ウィリアムズ・アリシアは約束を破る女ではない。マディを採取し、クシャナが治めている森で私は過ごした。
その恩は返すわ。
クシャナは私の言葉に「待っていたよ」と優しく答えてくれた。
クシャナが歩く方向へ私も一緒に足を進めた。象もしっかりとついてくる。さっきみたいに乱暴に走ってこない。大人しく歩いている。
もっと早くクシャナが来ていれば、私と象は無駄な争いをせずに済んだのかもしれない。
まぁ、喧嘩するほど仲が良いっていうし……、少しは絆は深まったんじゃないかしら?
私はチラッと象の方へと視線を向けた。彼は私が見た瞬間、急に表情が硬くなる。
…………どうやら、嫌われたみたいね。
「ねぇ、クシャナ」
「なんだ?」
「この象は私のことが嫌いみたい」
私がそう言うと、クシャナはまたハハッと声を出して笑う。
「そんなことはない」
「けど、象を転倒させてしまったもの」
「負けたから悔しく思ってるんだよ。この象はとても負けず嫌いでね。まだ考え方が子どもなんだ」
「だから、この子だけ私を追いかけてきたのね」
私が納得したように呟いた。
負けず嫌いなところは私にそっくりだ。同族嫌悪されているってことよね?
クシャナは「彼の名はモリスだ」と教えてくれた。
モリス、と私は小さく彼の名を口にした。
「私はモリスと仲良くはなれそうね」
「こいつは気難しいが……、まぁ、アリシアなら」
クシャナはそれ以上何も言わなかった。
私なら、気難しい象モリスとなら仲良くなれる可能性があるということ?
そんなことを考えながら、私は暫くクシャナとモリスと共に歩き続けた。
「ここだ」
クシャナはそう言って、崖の近くまで来た。
この森の崖からは落ちた記憶しかない。よく無事だったわね、私。……あの時、デューク様に助けてもらったのだけど。
丁度夕日が沈む瞬間だった。
地平線に大きな太陽がゆっくりと姿を隠していく。茜色の空と陽光が森に反射して、とても美しい景色だった。思わず息を呑む。
「綺麗な場所ね」
私がそう言うと、「ここで少し話そう」とクシャナは腰を下ろした。
それを見て、モリスも腰を下ろす。……象が腰を下ろす姿はなんだか可愛らしかった。
さっきまで憎き敵みたいな雰囲気を私に醸し出していたのに、今では少し場が穏やかだった。

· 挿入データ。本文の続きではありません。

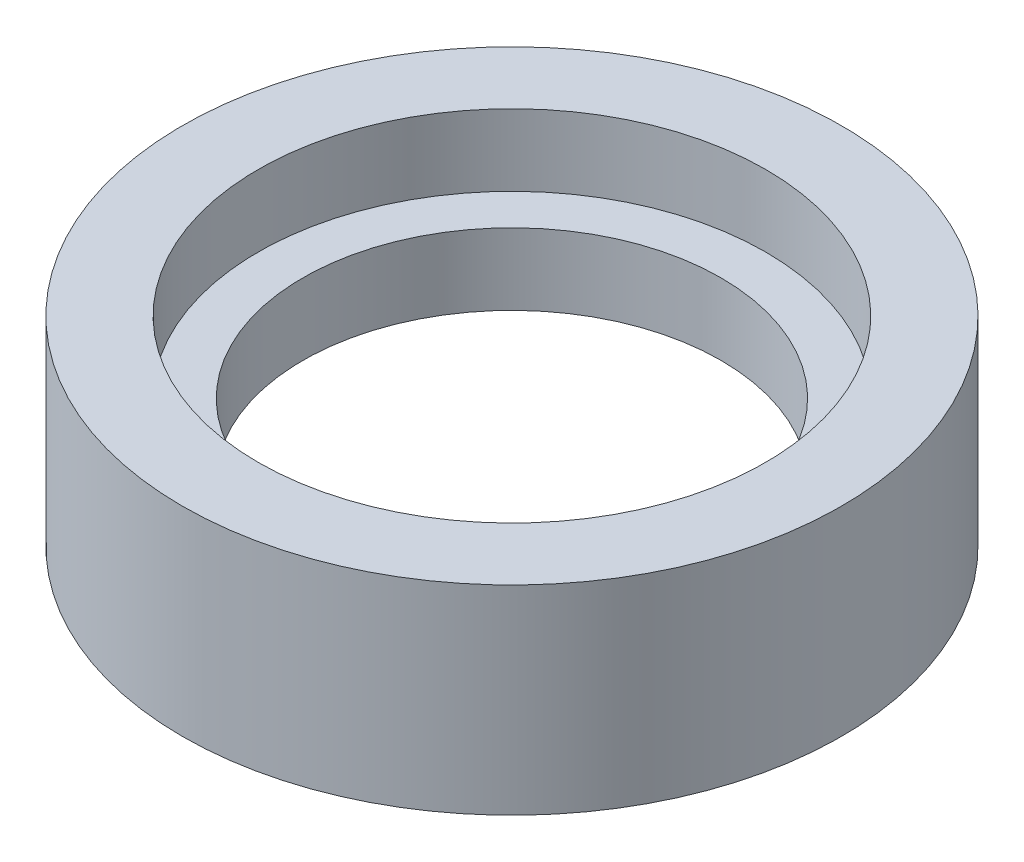
SolidWorks part; units mm, degrees
ref_plane "Front" through (0, 0, 0) normal (0, 0, 1) x (1, 0, 0)
ref_plane "Top" through (0, 0, 0) normal (0, 1, 0) x (1, 0, 0)
ref_plane "Right" through (0, 0, 0) normal (1, 0, 0) x (0, 0, -1)
sketch "Esquisse1" plane through (0, 0, 0) normal (0, 0, 1) x (1, 0, 0)
  line L0 (0, 39.6136) -> (0, -47.4918) construction
  line L1 (-20.459, 0) -> (-20.459, 7)
  line L2 (-20.459, 7) -> (-24.8295, 7)
  line L3 (-24.8295, 7) -> (-24.8295, 14)
  line L4 (-24.8295, 14) -> (-32.25, 14)
  line L5 (-32.25, 14) -> (-32.25, -5.5154)
  line L6 (-32.25, -5.5154) -> (-29.25, -5.5154)
  line L7 (-29.25, -5.5154) -> (-29.25, 0)
  line L8 (-29.25, 0) -> (-20.459, 0)
  dimension "D1" = 3
  dimension "D2" = 58.5
  dimension "D3" = 7
revolve "Révolution1" add sketch "Esquisse1" angle 360 about L0
equation "\"D2@Esquisse1\" = \"D4@Esquisse1@Tas<1>.Part\" + 1.5"

やっぱり、象も素晴らしい景色を見たら、心が落ち着くのかしら……。
私も彼らと共に腰をその場に下ろした。
ん~~!! なんて良い画なのかしら。
まぁ、ちょっと奇妙な状況ではあるけれど、とても良い場所で良い人と動物がいる。
「私の記憶を消してくれ」
この状況に感動していると、突然のクシャナの言葉で我に返った。
私は何も言えず、真剣な彼女を見る。
デューク様が私のことを忘れた日を思い出した。……あれはただの記憶喪失のふりだったけれど。
だけど、本当に誰かの記憶を消すなど考えたことはなかった。